Little did I know as we wandered around the old sailing ship an hour or so later that Moira was also ticking off yet another thing from her bucket list, a date with a lesbian. Her body language could have been misinterpreted as just normal female bonding, she touched my arm frequently but when we went to the toilet she waited with Sofia whilst I emptied my bladder. I came out to find Moira squatting in front of her with one of her favourite toys, a stuffed moose she calls Mads. She calls him that because I happened to be talking about the latest Mads Mikkelsen movie to my sister who had just bought her the toy.
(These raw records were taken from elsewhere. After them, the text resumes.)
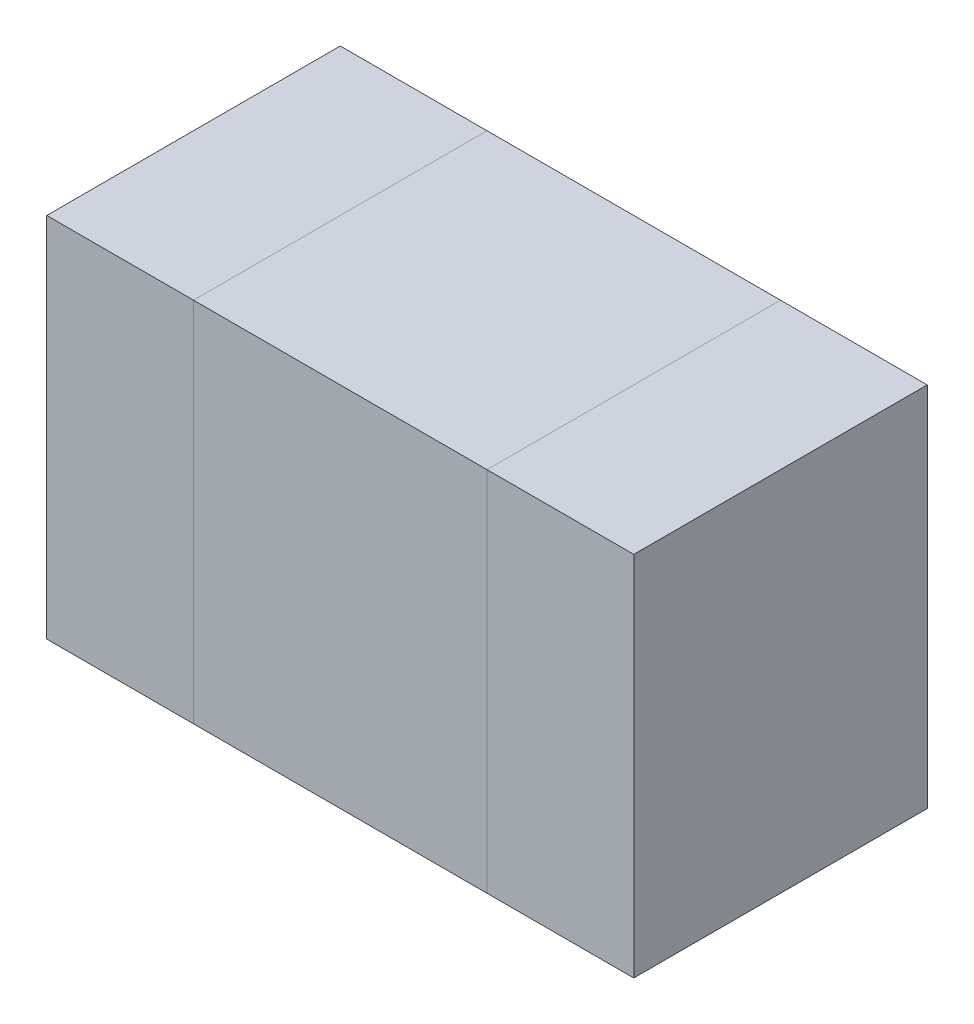
ISO-10303-21;
HEADER;
FILE_DESCRIPTION(('STEP AP214'),'2;1');
FILE_NAME('part.step','',(''),(''),'','','');
FILE_SCHEMA(('AUTOMOTIVE_DESIGN { 1 0 10303 214 1 1 1 1 }'));
ENDSEC;
DATA;
#1=APPLICATION_CONTEXT('core data for automotive mechanical design processes');
#2=APPLICATION_PROTOCOL_DEFINITION('international standard','automotive_design',2000,#1);
#3=PRODUCT_CONTEXT('',#1,'mechanical');
#4=PRODUCT('Part','Part','',(#3));
#5=PRODUCT_RELATED_PRODUCT_CATEGORY('part','',(#4));
#6=PRODUCT_DEFINITION_FORMATION('','',#4);
#7=PRODUCT_DEFINITION_CONTEXT('part definition',#1,'design');
#8=PRODUCT_DEFINITION('design','',#6,#7);
#9=PRODUCT_DEFINITION_SHAPE('','',#8);
#10=(LENGTH_UNIT() NAMED_UNIT(*) SI_UNIT(.MILLI.,.METRE.));
#11=(NAMED_UNIT(*) PLANE_ANGLE_UNIT() SI_UNIT($,.RADIAN.));
#12=(NAMED_UNIT(*) SI_UNIT($,.STERADIAN.) SOLID_ANGLE_UNIT());
#13=UNCERTAINTY_MEASURE_WITH_UNIT(LENGTH_MEASURE(1.E-05),#10,'distance_accuracy_value','');
#14=(GEOMETRIC_REPRESENTATION_CONTEXT(3) GLOBAL_UNCERTAINTY_ASSIGNED_CONTEXT((#13)) GLOBAL_UNIT_ASSIGNED_CONTEXT((#10,
#11,#12)) REPRESENTATION_CONTEXT('',''));
#15=CARTESIAN_POINT('',(0.,0.,0.));
#16=DIRECTION('',(0.,0.,1.));
#17=DIRECTION('',(1.,0.,0.));
#18=AXIS2_PLACEMENT_3D('',#15,#16,#17);
#19=CARTESIAN_POINT('',(-0.49991872,0.54888128,1.01999896));
#20=DIRECTION('',(1.,0.,0.));
#21=DIRECTION('',(0.,0.,-1.));
#22=AXIS2_PLACEMENT_3D('',#19,#20,#21);
#23=PLANE('',#22);
#24=DIRECTION('',(0.,-1.,0.));
#25=VECTOR('',#24,1.);
#26=CARTESIAN_POINT('',(-0.49991872,0.54888128,0.01999896));
#27=LINE('',#26,#25);
#28=CARTESIAN_POINT('',(-0.49991872,0.54888128,0.01999896));
#29=VERTEX_POINT('',#28);
#30=CARTESIAN_POINT('',(-0.49991872,-0.70111872,0.01999896));
#31=VERTEX_POINT('',#30);
#32=EDGE_CURVE('P0_E11',#29,#31,#27,.T.);
#33=ORIENTED_EDGE('',*,*,#32,.T.);
#34=DIRECTION('',(0.,0.,-1.));
#35=VECTOR('',#34,1.);
#36=CARTESIAN_POINT('',(-0.49991872,-0.70111872,1.01999896));
#37=LINE('',#36,#35);
#38=CARTESIAN_POINT('',(-0.49991872,-0.70111872,1.01999896));
#39=VERTEX_POINT('',#38);
#40=EDGE_CURVE('P0_E24',#39,#31,#37,.T.);
#41=ORIENTED_EDGE('',*,*,#40,.F.);
#42=DIRECTION('',(0.,-1.,0.));
#43=VECTOR('',#42,1.);
#44=CARTESIAN_POINT('',(-0.49991872,0.54888128,1.01999896));
#45=LINE('',#44,#43);
#46=CARTESIAN_POINT('',(-0.49991872,0.54888128,1.01999896));
#47=VERTEX_POINT('',#46);
#48=EDGE_CURVE('P0_E88',#47,#39,#45,.T.);
#49=ORIENTED_EDGE('',*,*,#48,.F.);
#50=DIRECTION('',(0.,0.,-1.));
#51=VECTOR('',#50,1.);
#52=CARTESIAN_POINT('',(-0.49991872,0.54888128,1.01999896));
#53=LINE('',#52,#51);
#54=EDGE_CURVE('P0_E73',#47,#29,#53,.T.);
#55=ORIENTED_EDGE('',*,*,#54,.T.);
#56=EDGE_LOOP('',(#33,#41,#49,#55));
#57=FACE_BOUND('',#56,.T.);
#58=ADVANCED_FACE('P0_F17',(#57),#23,.F.);
#59=CARTESIAN_POINT('',(-0.49991872,-0.70111872,1.01999896));
#60=DIRECTION('',(0.,1.,0.));
#61=DIRECTION('',(-1.,0.,0.));
#62=AXIS2_PLACEMENT_3D('',#59,#60,#61);
#63=PLANE('',#62);
#64=DIRECTION('',(1.,0.,0.));
#65=VECTOR('',#64,1.);
#66=CARTESIAN_POINT('',(-0.49991872,-0.70111872,0.01999896));
#67=LINE('',#66,#65);
#68=CARTESIAN_POINT('',(0.50008128,-0.70111872,0.01999896));
#69=VERTEX_POINT('',#68);
#70=EDGE_CURVE('P0_E85',#31,#69,#67,.T.);
#71=ORIENTED_EDGE('',*,*,#70,.T.);
#72=DIRECTION('',(0.,0.,-1.));
#73=VECTOR('',#72,1.);
#74=CARTESIAN_POINT('',(0.50008128,-0.70111872,1.01999896));
#75=LINE('',#74,#73);
#76=CARTESIAN_POINT('',(0.50008128,-0.70111872,1.01999896));
#77=VERTEX_POINT('',#76);
#78=EDGE_CURVE('P0_E83',#77,#69,#75,.T.);
#79=ORIENTED_EDGE('',*,*,#78,.F.);
#80=DIRECTION('',(1.,0.,0.));
#81=VECTOR('',#80,1.);
#82=CARTESIAN_POINT('',(-0.49991872,-0.70111872,1.01999896));
#83=LINE('',#82,#81);
#84=EDGE_CURVE('P0_E60',#39,#77,#83,.T.);
#85=ORIENTED_EDGE('',*,*,#84,.F.);
#86=ORIENTED_EDGE('',*,*,#40,.T.);
#87=EDGE_LOOP('',(#71,#79,#85,#86));
#88=FACE_BOUND('',#87,.T.);
#89=ADVANCED_FACE('P0_F90',(#88),#63,.F.);
#90=CARTESIAN_POINT('',(0.50008128,-0.70111872,1.01999896));
#91=DIRECTION('',(-1.,0.,0.));
#92=DIRECTION('',(0.,-1.,0.));
#93=AXIS2_PLACEMENT_3D('',#90,#91,#92);
#94=PLANE('',#93);
#95=DIRECTION('',(0.,1.,0.));
#96=VECTOR('',#95,1.);
#97=CARTESIAN_POINT('',(0.50008128,-0.70111872,0.01999896));
#98=LINE('',#97,#96);
#99=CARTESIAN_POINT('',(0.50008128,0.54888128,0.01999896));
#100=VERTEX_POINT('',#99);
#101=EDGE_CURVE('P0_E77',#69,#100,#98,.T.);
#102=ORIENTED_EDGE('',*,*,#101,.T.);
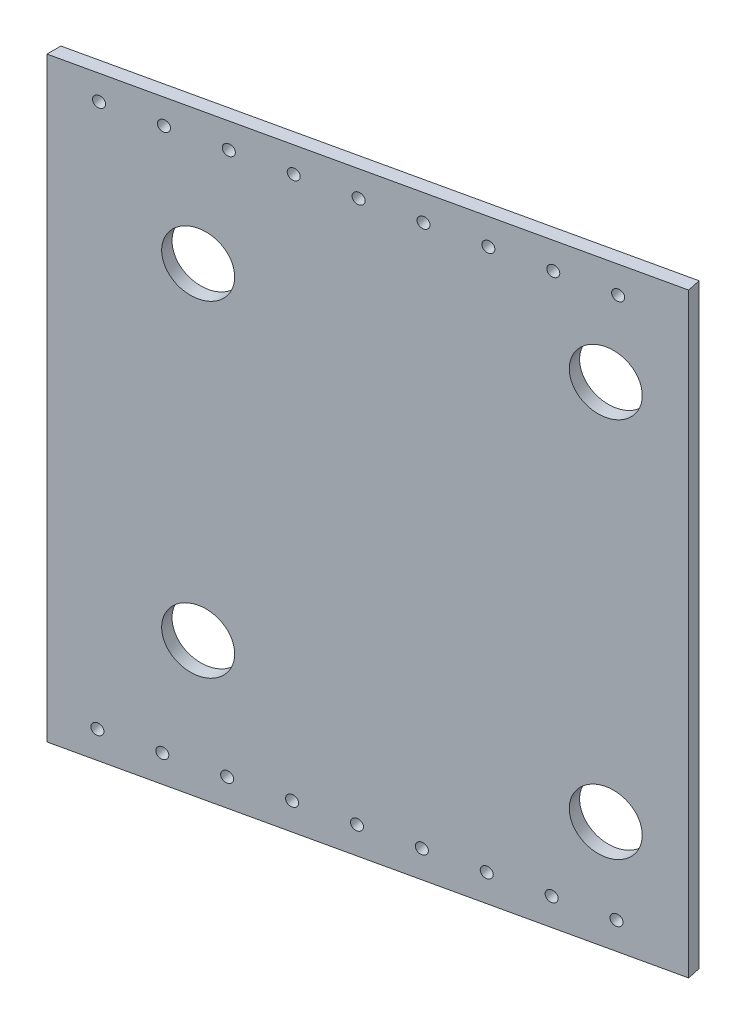
ISO-10303-21;
HEADER;
FILE_DESCRIPTION(('STEP AP214'),'2;1');
FILE_NAME('part.step','',(''),(''),'','','');
FILE_SCHEMA(('AUTOMOTIVE_DESIGN { 1 0 10303 214 1 1 1 1 }'));
ENDSEC;
DATA;
#1=APPLICATION_CONTEXT('core data for automotive mechanical design processes');
#2=APPLICATION_PROTOCOL_DEFINITION('international standard','automotive_design',2000,#1);
#3=PRODUCT_CONTEXT('',#1,'mechanical');
#4=PRODUCT('Part','Part','',(#3));
#5=PRODUCT_RELATED_PRODUCT_CATEGORY('part','',(#4));
#6=PRODUCT_DEFINITION_FORMATION('','',#4);
#7=PRODUCT_DEFINITION_CONTEXT('part definition',#1,'design');
#8=PRODUCT_DEFINITION('design','',#6,#7);
#9=PRODUCT_DEFINITION_SHAPE('','',#8);
#10=(LENGTH_UNIT() NAMED_UNIT(*) SI_UNIT(.MILLI.,.METRE.));
#11=(NAMED_UNIT(*) PLANE_ANGLE_UNIT() SI_UNIT($,.RADIAN.));
#12=(NAMED_UNIT(*) SI_UNIT($,.STERADIAN.) SOLID_ANGLE_UNIT());
#13=UNCERTAINTY_MEASURE_WITH_UNIT(LENGTH_MEASURE(1.E-05),#10,'distance_accuracy_value','');
#14=(GEOMETRIC_REPRESENTATION_CONTEXT(3) GLOBAL_UNCERTAINTY_ASSIGNED_CONTEXT((#13)) GLOBAL_UNIT_ASSIGNED_CONTEXT((#10,
#11,#12)) REPRESENTATION_CONTEXT('',''));
#15=CARTESIAN_POINT('',(0.,0.,0.));
#16=DIRECTION('',(0.,0.,1.));
#17=DIRECTION('',(1.,0.,0.));
#18=AXIS2_PLACEMENT_3D('',#15,#16,#17);
#19=CARTESIAN_POINT('',(472.462608451493,6.35,793.845234641783));
#20=DIRECTION('',(0.,-1.,0.));
#21=DIRECTION('',(0.,0.,-1.));
#22=AXIS2_PLACEMENT_3D('',#19,#20,#21);
#23=PLANE('',#22);
#24=DIRECTION('',(0.976296007119933,0.,-0.216439613938103));
#25=VECTOR('',#24,1.);
#26=CARTESIAN_POINT('',(473.837,6.35,800.044714286995));
#27=LINE('',#26,#25);
#28=CARTESIAN_POINT('',(473.837,6.35,800.044714286995));
#29=VERTEX_POINT('',#28);
#30=CARTESIAN_POINT('',(719.074,6.35,745.676980304428));
#31=VERTEX_POINT('',#30);
#32=EDGE_CURVE('E117',#29,#31,#27,.T.);
#33=ORIENTED_EDGE('',*,*,#32,.F.);
#34=DIRECTION('',(0.,0.,1.));
#35=VECTOR('',#34,1.);
#36=CARTESIAN_POINT('',(473.837,6.35000000000002,800.044714286995));
#37=LINE('',#36,#35);
#38=CARTESIAN_POINT('',(473.837,6.35,793.540539371097));
#39=VERTEX_POINT('',#38);
#40=EDGE_CURVE('E11',#39,#29,#37,.T.);
#41=ORIENTED_EDGE('',*,*,#40,.F.);
#42=DIRECTION('',(0.976296007119933,0.,-0.216439613938103));
#43=VECTOR('',#42,1.);
#44=CARTESIAN_POINT('',(472.462608451493,6.35,793.845234641783));
#45=LINE('',#44,#43);
#46=CARTESIAN_POINT('',(717.699608451493,6.35,739.477500659216));
#47=VERTEX_POINT('',#46);
#48=EDGE_CURVE('E98',#39,#47,#45,.T.);
#49=ORIENTED_EDGE('',*,*,#48,.T.);
#50=DIRECTION('',(0.216439613938103,0.,0.976296007119933));
#51=VECTOR('',#50,1.);
#52=CARTESIAN_POINT('',(717.699608451493,6.35,739.477500659216));
#53=LINE('',#52,#51);
#54=EDGE_CURVE('E83',#47,#31,#53,.T.);
#55=ORIENTED_EDGE('',*,*,#54,.T.);
#56=EDGE_LOOP('',(#33,#41,#49,#55));
#57=FACE_BOUND('',#56,.T.);
#58=ADVANCED_FACE('F45',(#57),#23,.T.);
#59=CARTESIAN_POINT('',(473.837,284.48,800.044714286995));
#60=DIRECTION('',(-1.,0.,0.));
#61=DIRECTION('',(0.,0.,1.));
#62=AXIS2_PLACEMENT_3D('',#59,#60,#61);
#63=PLANE('',#62);
#64=DIRECTION('',(0.,-1.,0.));
#65=VECTOR('',#64,1.);
#66=CARTESIAN_POINT('',(473.837,284.48,800.044714286995));
#67=LINE('',#66,#65);
#68=CARTESIAN_POINT('',(473.837,284.48,800.044714286995));
#69=VERTEX_POINT('',#68);
#70=EDGE_CURVE('E105',#69,#29,#67,.T.);
#71=ORIENTED_EDGE('',*,*,#70,.F.);
#72=DIRECTION('',(0.,0.,1.));
#73=VECTOR('',#72,1.);
#74=CARTESIAN_POINT('',(473.837,284.48,739.477500659217));
#75=LINE('',#74,#73);
#76=CARTESIAN_POINT('',(473.837,284.48,793.540539371097));
#77=VERTEX_POINT('',#76);
#78=EDGE_CURVE('E49',#77,#69,#75,.T.);
#79=ORIENTED_EDGE('',*,*,#78,.F.);
#80=DIRECTION('',(0.,-1.,0.));
#81=VECTOR('',#80,1.);
#82=CARTESIAN_POINT('',(473.837,0.,793.540539371098));
#83=LINE('',#82,#81);
#84=EDGE_CURVE('E92',#77,#39,#83,.T.);
#85=ORIENTED_EDGE('',*,*,#84,.T.);
#86=ORIENTED_EDGE('',*,*,#40,.T.);
#87=EDGE_LOOP('',(#71,#79,#85,#86));
#88=FACE_BOUND('',#87,.T.);
#89=ADVANCED_FACE('F47',(#88),#63,.T.);
#90=CARTESIAN_POINT('',(717.699608451493,284.48,739.477500659216));
#91=DIRECTION('',(0.,1.,0.));
#92=DIRECTION('',(0.,0.,1.));
#93=AXIS2_PLACEMENT_3D('',#90,#91,#92);
#94=PLANE('',#93);
#95=DIRECTION('',(-0.976296007119933,0.,0.216439613938103));
#96=VECTOR('',#95,1.);
#97=CARTESIAN_POINT('',(719.074,284.48,745.676980304428));
#98=LINE('',#97,#96);
#99=CARTESIAN_POINT('',(719.074,284.48,745.676980304428));
#100=VERTEX_POINT('',#99);
#101=EDGE_CURVE('E109',#100,#69,#98,.T.);
#102=ORIENTED_EDGE('',*,*,#101,.F.);
#103=DIRECTION('',(0.216439613938103,0.,0.976296007119933));
#104=VECTOR('',#103,1.);
#105=CARTESIAN_POINT('',(717.699608451493,284.48,739.477500659216));
#106=LINE('',#105,#104);
#107=CARTESIAN_POINT('',(717.699608451493,284.48,739.477500659216));
#108=VERTEX_POINT('',#107);
#109=EDGE_CURVE('E91',#108,#100,#106,.T.);
#110=ORIENTED_EDGE('',*,*,#109,.F.);
#111=DIRECTION('',(-0.976296007119933,0.,0.216439613938103));
#112=VECTOR('',#111,1.);
#113=CARTESIAN_POINT('',(717.699608451493,284.48,739.477500659216));
#114=LINE('',#113,#112);
#115=EDGE_CURVE('E101',#108,#77,#114,.T.);
#116=ORIENTED_EDGE('',*,*,#115,.T.);
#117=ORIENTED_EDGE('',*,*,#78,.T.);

“Isn’t Mads a Danish name?”

“It was one of her first words,” I started washing my hands, “she loves Mads the Moose. We lost him twice already, the second time a tourist picked him up off the street and came running after me, I thought the guy was going to, hassle me, but then he held out Mads and asked if it belonged to me,” I glanced at Sofia.

“I even have to ask permission to wash him, would you believe it?”